23.09.2009, 13:32 FIFA vertagt Entscheidung über Play-off-Modus

(SID) Der Fußball-Weltverband FIFA hat eine Entscheidung über den Auslosungsmodus der Play-offs in der Europa-Qualifikation für die WM 2010 in Südafrika vertagt. Auf Nachfrage des Sport-Informations-Dienstes (SID) bei der FIFA bestätigte Kommunikationsdirektor Nicolas Maingot, dass der Qualifikationsmodus der besten Gruppenzweiten am 29. September bei der FIFA-Exekutiv-Komitee-Sitzung in Rio de Janeiro festgelegt werden sollte. Diese Entscheidung wurde allerdings vertagt, weil es noch zu viele strittige Fragen gebe.

DFB-Generalsekretär Wolfgang Niersbach sagte in einem Sport-Bild-Interview, dass Deutschland - sollte die Mannschaft von Bundestrainer Joachim Löw in der WM-Qualifikation nur Zweiter hinter EM-Halbfinalist Russland werden - nicht auf Frankreich oder Kroatien, sondern eher auf Ex-Europameister Griechenland mit Trainer Otto Rehhagel treffen werde.

Niersbach: "Es gibt eine Setzliste"

"Es gibt eine Setzliste nach der FIFA-Weltrangliste, da hilft uns unsere gute Platzierung", so Niersbach. Der dreimalige Welt- und Europameister ist hinter Rekord-WM-Titelträger Brasilien, Europameister Spanien und den Niederlanden zusammen mit WM-Champion Italien Vierter. Es folgt die russische "Sbornaja" auf Position sechs.
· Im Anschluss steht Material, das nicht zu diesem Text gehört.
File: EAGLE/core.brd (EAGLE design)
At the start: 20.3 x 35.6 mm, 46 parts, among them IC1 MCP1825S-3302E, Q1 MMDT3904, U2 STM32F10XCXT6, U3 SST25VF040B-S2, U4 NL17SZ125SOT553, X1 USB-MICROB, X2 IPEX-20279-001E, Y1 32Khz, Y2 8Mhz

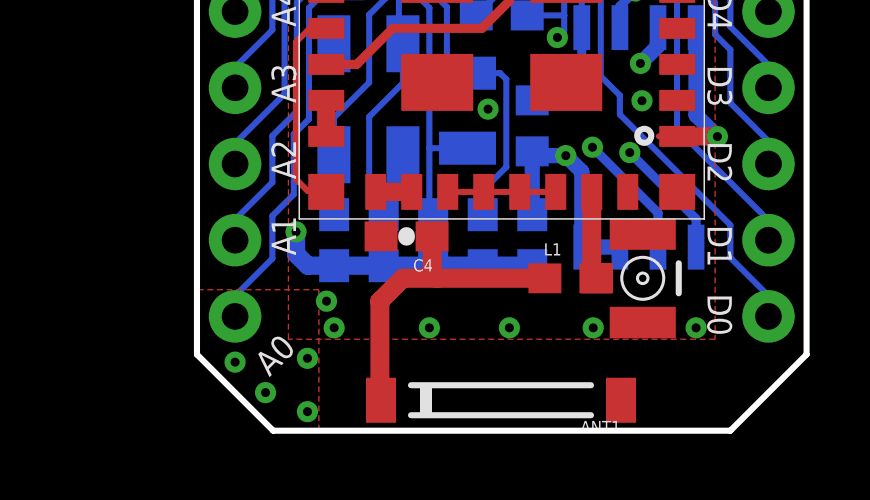
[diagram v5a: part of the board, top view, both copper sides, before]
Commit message: Cleaner, prettier RF design
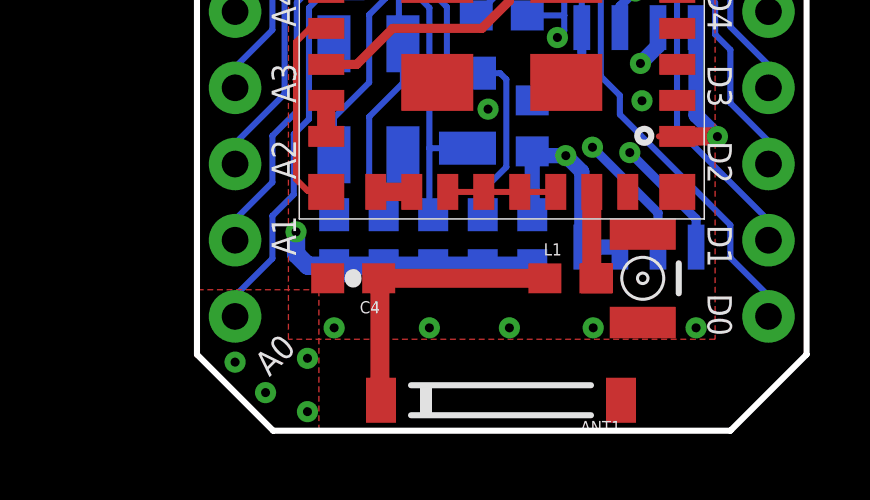
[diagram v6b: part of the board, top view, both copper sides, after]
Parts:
- moved C4 2.26 mm to (5.21, 5.08)
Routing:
- net N$3: track 10.6 -> 9.66 mm
- net GND: vias 25 -> 24
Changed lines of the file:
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@@
 </element>
 <element name="D1" library="Spark" package="DIODE-DO-220AA(SMP)" value="DIODE" x="3.048" y="34.036" locked="yes"/>
-<element name="C4" library="SparkFun-Capacitors" package="0603-CAP" value="0.8pF" x="6.985" y="6.477" rot="R180"/>
+<element name="C4" library="SparkFun-Capacitors" package="0603-CAP" value="0.8pF" x="5.207" y="5.08" rot="R180"/>
 <element name="U4" library="Spark" package="SOT-553" value="NL17SZ125SOT553" x="15.6718" y="29.21" rot="MR270"/>
 <element name="L1" library="SparkFun-Passives" package="0603" value="3.3nH" x="12.446" y="5.08"/>
@@
 <via x="9.7028" y="10.7188" extent="1-16" drill="0.3"/>
 <via x="14.8336" y="10.9982" extent="1-16" drill="0.3"/>
-<via x="4.318" y="4.318" extent="1-16" drill="0.3"/>
 <wire x1="15.506" y1="34.6202" x2="14.3002" y2="34.6202" width="0.6096" layer="1"/>
 <wire x1="14.3002" y1="34.6202" x2="14.2748" y2="34.6456" width="0.6096" layer="1"/>
@@
 <contactref element="L1" pad="1"/>
 <contactref element="C4" pad="1"/>
-<wire x1="11.596" y1="5.08" x2="8.001" y2="5.08" width="0.635" layer="1"/>
-<wire x1="8.001" y1="5.08" x2="6.858" y2="5.08" width="0.635" layer="1"/>
-<wire x1="6.858" y1="5.08" x2="6.096" y2="4.318" width="0.635" layer="1"/>
-<wire x1="6.096" y1="4.318" x2="6.096" y2="1.0546" width="0.635" layer="1"/>
+<wire x1="11.596" y1="5.08" x2="6.057" y2="5.08" width="0.635" layer="1"/>
+<wire x1="6.096" y1="5.08" x2="6.096" y2="1.0546" width="0.635" layer="1"/>
 <wire x1="6.096" y1="1.0546" x2="6.1346" y2="1.016" width="0.635" layer="1"/>
-<wire x1="7.835" y1="6.477" x2="7.835" y2="5.246" width="0.635" layer="1"/>
-<wire x1="7.835" y1="5.246" x2="8.001" y2="5.08" width="0.635" layer="1"/>
+<wire x1="6.057" y1="5.08" x2="6.096" y2="5.08" width="0.635" layer="1"/>
 </signal>
 <signal name="N$5">

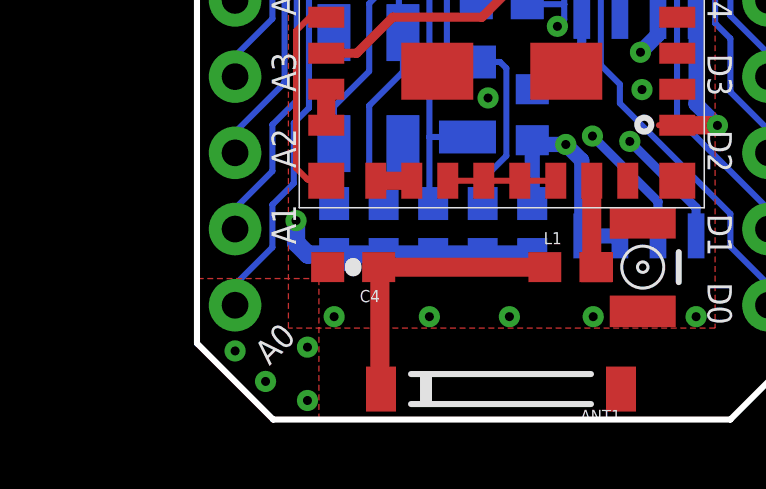
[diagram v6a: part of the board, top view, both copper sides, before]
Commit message: Fixed library part for RF capacitor
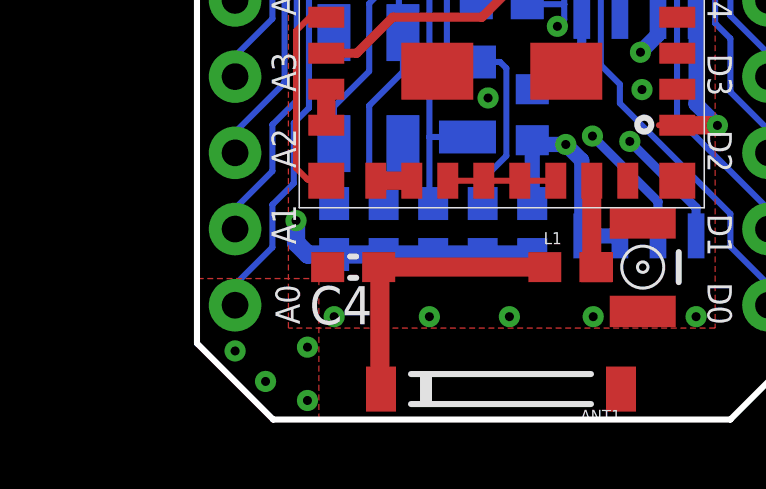
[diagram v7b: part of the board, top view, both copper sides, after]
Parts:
- C4: device SparkFun-Capacitors:0603-CAP -> rcl:C0603
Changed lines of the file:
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@@
 <wire x1="17.78" y1="3.048" x2="17.78" y2="31.75" width="0.2032" layer="51"/>
 <wire x1="2.54" y1="3.048" x2="2.54" y2="31.75" width="0.2032" layer="51"/>
-<text x="2.413" y="1.778" size="0.8128" layer="21" font="vector" ratio="15" rot="R45">A0</text>
+<text x="3.429" y="3.175" size="0.8128" layer="21" font="vector" ratio="15" rot="R90">A0</text>
 <text x="3.302" y="5.842" size="0.8128" layer="21" font="vector" ratio="15" rot="R90">A1</text>
 <text x="3.302" y="8.382" size="0.8128" layer="21" font="vector" ratio="15" rot="R90">A2</text>
@@
 </element>
 <element name="D1" library="Spark" package="DIODE-DO-220AA(SMP)" value="DIODE" x="3.048" y="34.036" locked="yes"/>
-<element name="C4" library="SparkFun-Capacitors" package="0603-CAP" value="0.8pF" x="5.207" y="5.08" rot="R180"/>
 <element name="U4" library="Spark" package="SOT-553" value="NL17SZ125SOT553" x="15.6718" y="29.21" rot="MR270"/>
 <element name="L1" library="SparkFun-Passives" package="0603" value="3.3nH" x="12.446" y="5.08"/>
+<element name="C4" library="rcl" package="C0603" value="0.8pF" x="5.207" y="5.08" rot="R180"/>
 </elements>
 <signals>
@@
 <wire x1="7.01654375" y1="18.2372" x2="9.7536" y2="18.2372" width="0.2032" layer="16"/>
 <via x="0.9144" y="33.3248" extent="1-16" drill="0.3"/>
-<contactref element="C4" pad="2"/>
 <contactref element="U1" pad="GND@11"/>
 <contactref element="U1" pad="GND@16"/>
@@
 <via x="1.27" y="2.286" extent="1-16" drill="0.3"/>
 <via x="2.286" y="1.27" extent="1-16" drill="0.3"/>
+<contactref element="C4" pad="2"/>
 </signal>
 <signal name="RAW" class="1">
@@
 <wire x1="6.135" y1="1.0164" x2="6.1346" y2="1.016" width="0.635" layer="1"/>
 <contactref element="L1" pad="1"/>
+<wire x1="6.096" y1="5.08" x2="6.096" y2="1.0546" width="0.635" layer="1"/>
+<wire x1="6.096" y1="1.0546" x2="6.1346" y2="1.016" width="0.635" layer="1"/>
 <contactref element="C4" pad="1"/>
 <wire x1="11.596" y1="5.08" x2="6.057" y2="5.08" width="0.635" layer="1"/>
-<wire x1="6.096" y1="5.08" x2="6.096" y2="1.0546" width="0.635" layer="1"/>
-<wire x1="6.096" y1="1.0546" x2="6.1346" y2="1.016" width="0.635" layer="1"/>
-<wire x1="6.057" y1="5.08" x2="6.096" y2="5.08" width="0.635" layer="1"/>
+<wire x1="6.096" y1="5.08" x2="6.057" y2="5.08" width="0" layer="19" extent="1-1"/>
 </signal>
 <signal name="N$5">

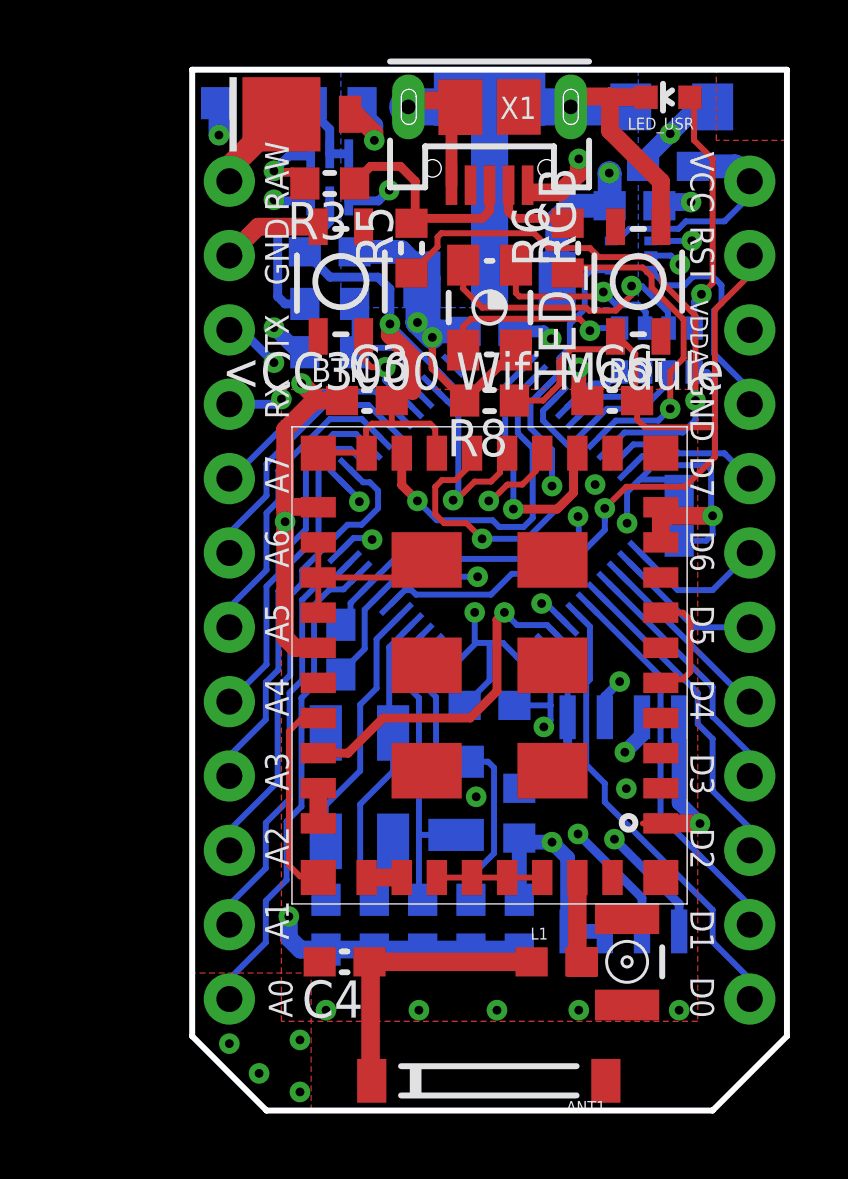
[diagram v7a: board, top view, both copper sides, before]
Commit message: updated the ufl footprint and changed the net from wifi_en to wifi_cs
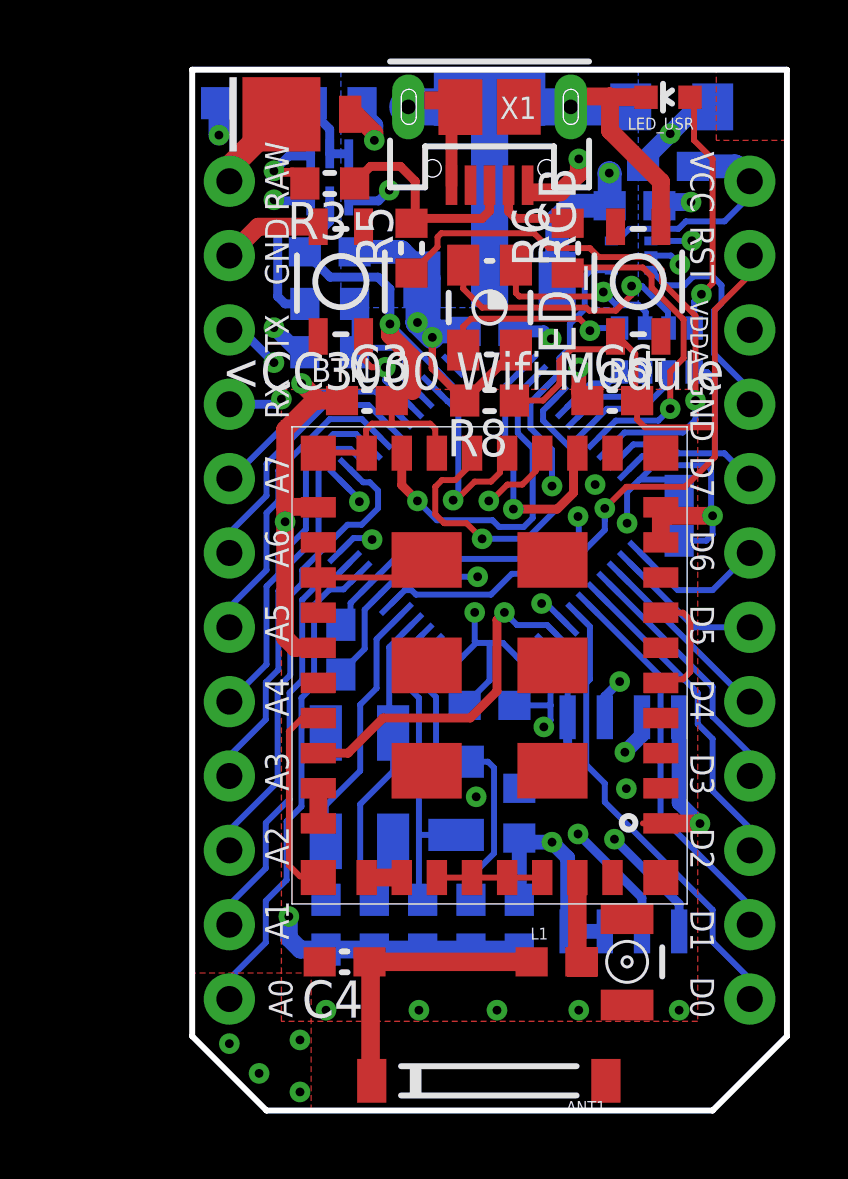
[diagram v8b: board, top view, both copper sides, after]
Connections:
- net WIFI_CS: now also U4./OE
- net WIFI_EN: no longer U4./OE
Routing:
- net WIFI_EN: track 30.9 -> 11.9 mm, vias 2 -> 1
- net WIFI_CS: track 9.35 -> 25.8 mm, vias 1 -> 2
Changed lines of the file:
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@@
 <?xml version="1.0" encoding="utf-8"?>
 <!DOCTYPE eagle SYSTEM "eagle.dtd">
-<eagle version="6.5.0">
+<eagle version="6.3">
 <drawing>
 <settings>
@@
 <setting verticaltext="up"/>
 </settings>
-<grid distance="5" unitdist="mil" unit="mil" style="lines" multiple="1" display="yes" altdistance="0.005" altunitdist="inch" altunit="inch"/>
+<grid distance="0.1" unitdist="inch" unit="inch" style="lines" multiple="1" display="yes" altdistance="0.05" altunitdist="inch" altunit="inch"/>
 <layers>
 <layer number="1" name="Top" color="4" fill="1" visible="yes" active="yes"/>
-<layer number="2" name="$GND" color="13" fill="1" visible="no" active="yes"/>
+<layer number="2" name="$GND" color="13" fill="1" visible="yes" active="yes"/>
 <layer number="3" name="Route3" color="4" fill="3" visible="no" active="no"/>
 <layer number="4" name="Route4" color="1" fill="4" visible="no" active="no"/>
@@
 <layer number="13" name="Route13" color="4" fill="5" visible="no" active="no"/>
 <layer number="14" name="Route14" color="1" fill="6" visible="no" active="no"/>
-<layer number="15" name="$+3V3" color="11" fill="1" visible="no" active="yes"/>
+<layer number="15" name="$+3V3" color="11" fill="1" visible="yes" active="yes"/>
 <layer number="16" name="Bottom" color="1" fill="1" visible="yes" active="yes"/>
 <layer number="17" name="Pads" color="2" fill="1" visible="yes" active="yes"/>
@@
 <layer number="22" name="bPlace" color="14" fill="1" visible="yes" active="yes"/>
 <layer number="23" name="tOrigins" color="15" fill="1" visible="yes" active="yes"/>
-<layer number="24" name="bOrigins" color="15" fill="1" visible="yes" active="yes"/>
+<layer number="24" name="bOrigins" color="15" fill="1" visible="no" active="yes"/>
 <layer number="25" name="tNames" color="7" fill="1" visible="no" active="yes"/>
 <layer number="26" name="bNames" color="7" fill="1" visible="no" active="yes"/>
@@
 <layer number="43" name="vRestrict" color="2" fill="10" visible="no" active="yes"/>
 <layer number="44" name="Drills" color="7" fill="1" visible="no" active="yes"/>
-<layer number="45" name="Holes" color="7" fill="1" visible="yes" active="yes"/>
+<layer number="45" name="Holes" color="7" fill="1" visible="no" active="yes"/>
 <layer number="46" name="Milling" color="3" fill="1" visible="no" active="yes"/>
 <layer number="47" name="Measures" color="7" fill="1" visible="no" active="yes"/>
@@
 <layer number="50" name="dxf" color="7" fill="1" visible="no" active="yes"/>
 <layer number="51" name="tDocu" color="6" fill="1" visible="yes" active="yes"/>
-<layer number="52" name="bDocu" color="7" fill="1" visible="no" active="yes"/>
+<layer number="52" name="bDocu" color="7" fill="1" visible="yes" active="yes"/>
 <layer number="53" name="tGND_GNDA" color="7" fill="9" visible="no" active="no"/>
 <layer number="54" name="bGND_GNDA" color="1" fill="9" visible="no" active="no"/>
@@
 <wire x1="12.126034375" y1="16.5862" x2="11.0998" y2="16.5862" width="0.2032" layer="16"/>
 <wire x1="11.0998" y1="16.5862" x2="10.668" y2="17.018" width="0.2032" layer="16"/>
-<contactref element="U4" pad="/OE"/>
-<via x="17.0688" y="29.718" extent="1-16" drill="0.3"/>
-<wire x1="15.6718" y1="29.71" x2="15.6798" y2="29.718" width="0.2032" layer="16"/>
-<wire x1="15.6718" y1="29.71" x2="17.0608" y2="29.71" width="0.2032" layer="16"/>
-<wire x1="10.2616" y1="20.1676" x2="10.7188" y2="19.7104" width="0.2032" layer="15"/>
-<wire x1="10.7188" y1="19.7104" x2="10.7188" y2="17.0688" width="0.2032" layer="15"/>
-<wire x1="10.7188" y1="17.0688" x2="10.668" y2="17.018" width="0.2032" layer="15"/>
-<wire x1="17.0608" y1="29.71" x2="17.0688" y2="29.718" width="0.2032" layer="16"/>
-<wire x1="10.2616" y1="20.1676" x2="9.9314" y2="20.1676" width="0.2032" layer="15"/>
-<wire x1="9.9314" y1="20.1676" x2="9.525" y2="20.574" width="0.2032" layer="15"/>
-<wire x1="9.525" y1="20.574" x2="9.525" y2="21.209" width="0.2032" layer="15"/>
-<wire x1="9.525" y1="21.209" x2="10.287" y2="21.971" width="0.2032" layer="15"/>
-<wire x1="10.287" y1="21.971" x2="11.303" y2="21.971" width="0.2032" layer="15"/>
-<wire x1="11.303" y1="21.971" x2="15.875" y2="26.543" width="0.2032" layer="15"/>
-<wire x1="15.875" y1="26.543" x2="15.875" y2="29.329" width="0.2032" layer="15"/>
-<wire x1="15.875" y1="29.329" x2="16.256" y2="29.71" width="0.2032" layer="15"/>
-<wire x1="16.256" y1="29.71" x2="17.0608" y2="29.71" width="0.2032" layer="15"/>
-<wire x1="17.0608" y1="29.71" x2="17.0688" y2="29.718" width="0.2032" layer="15"/>
 </signal>
 <signal name="USBM">
@@
 <wire x1="13.0302" y1="21.1074" x2="13.0302" y2="22.3302" width="0.3048" layer="1"/>
 <wire x1="13.0302" y1="22.3302" x2="13.16" y2="22.46" width="0.3048" layer="1"/>
+<contactref element="U4" pad="/OE"/>
+<via x="17.0688" y="29.718" extent="1-16" drill="0.3"/>
+<wire x1="16.256" y1="29.718" x2="15.875" y2="29.337" width="0.2032" layer="15"/>
+<wire x1="15.875" y1="29.337" x2="15.875" y2="26.543" width="0.2032" layer="15"/>
+<wire x1="15.875" y1="26.543" x2="11.303" y2="21.971" width="0.2032" layer="15"/>
+<wire x1="11.303" y1="21.971" x2="10.3124" y2="21.971" width="0.2032" layer="15"/>
+<wire x1="10.3124" y1="21.971" x2="9.525" y2="21.1836" width="0.2032" layer="15"/>
+<wire x1="9.525" y1="21.1836" x2="9.525" y2="20.574" width="0.2032" layer="15"/>
+<wire x1="9.525" y1="20.574" x2="9.9314" y2="20.1676" width="0.2032" layer="15"/>
+<wire x1="9.9314" y1="20.1676" x2="10.5918" y2="20.1676" width="0.2032" layer="15"/>
+<wire x1="10.5918" y1="20.1676" x2="10.9728" y2="20.5486" width="0.2032" layer="15"/>
+<wire x1="16.256" y1="29.718" x2="17.0688" y2="29.718" width="0.2032" layer="15"/>
+<wire x1="15.6718" y1="29.71" x2="17.0608" y2="29.71" width="0.2032" layer="16"/>
+<wire x1="17.0608" y1="29.71" x2="17.0688" y2="29.718" width="0.2032" layer="16"/>
 </signal>
 <signal name="SPI_MOSI">
@@
 <wire x1="13.16" y1="7.96" x2="13.16" y2="5.216" width="0.635" layer="1"/>
 <wire x1="13.16" y1="5.216" x2="13.296" y2="5.08" width="0.635" layer="1"/>
-<wire x1="13.296" y1="5.08" x2="13.3315" y2="5.08" width="0" layer="19" extent="1-1"/>
+<wire x1="13.296" y1="5.08" x2="13.3315" y2="5.08" width="0.2032" layer="1"/>
 </signal>
 <signal name="LED1">
@@
 <wire x1="6.096" y1="1.0546" x2="6.1346" y2="1.016" width="0.635" layer="1"/>
 <contactref element="C4" pad="1"/>
-<wire x1="11.596" y1="5.08" x2="6.057" y2="5.08" width="0.635" layer="1"/>
-<wire x1="6.096" y1="5.08" x2="6.057" y2="5.08" width="0" layer="19" extent="1-1"/>
+<wire x1="11.596" y1="5.08" x2="6.096" y2="5.08" width="0.635" layer="1"/>
+<wire x1="6.096" y1="5.08" x2="6.057" y2="5.08" width="0.635" layer="1"/>
 </signal>
 <signal name="N$5">
 </signal>
 </signals>
-<errors>
-</errors>
 </board>
 </drawing>

Entschieden ist die Einführung einer Setzliste aber offenbar nicht. Einigkeit herrscht nur darüber, dass wegen einer Fünfer-Gruppe und acht Sechser-Gruppen in Europa aus Gründen der Gleichberechtigung die Ergebnisse gegen den Tabellenletzten in den Sechser-Gruppen gestrichen werden. Deutschland würden im Augenblick die Siege gegen die Berti-Vogts-Mannschaft Aserbaidschan (2:0 und 4:0) gestrichen. Klar ist nur, dass Norwegen mit nur zehn Punkten aus der Fünfer-Gruppe der schlechteste Zweite sein wird.

Völlig offen ist hingegen noch, ob das FIFA-WM-Organisationskomitee eine offene Auslosung veranstalten wird oder eine mit Setzliste. Dann wäre die Frage, wie sich diese Setzliste zusammensetzt.

Scheinbar harte Kämpfe hinter den Kulissen

In früheren Zeiten wurden EM- und WM-Qualifikationsspiele sowie das Abschneiden bei den Turnieren in Betracht gezogen. Da aber Deutschland für die WM 2006 keine Quali-Spiele zu bestreiten hatte, schlüge auch das negativ zu Buche. Denkbar, dass den Top-Ländern zunächst ein Auswärtsspiel gewährt wird. Die Tatsache der Vertagung in Rio lässt jedenfalls auf harte Kämpfe hinter den Kulissen schließen.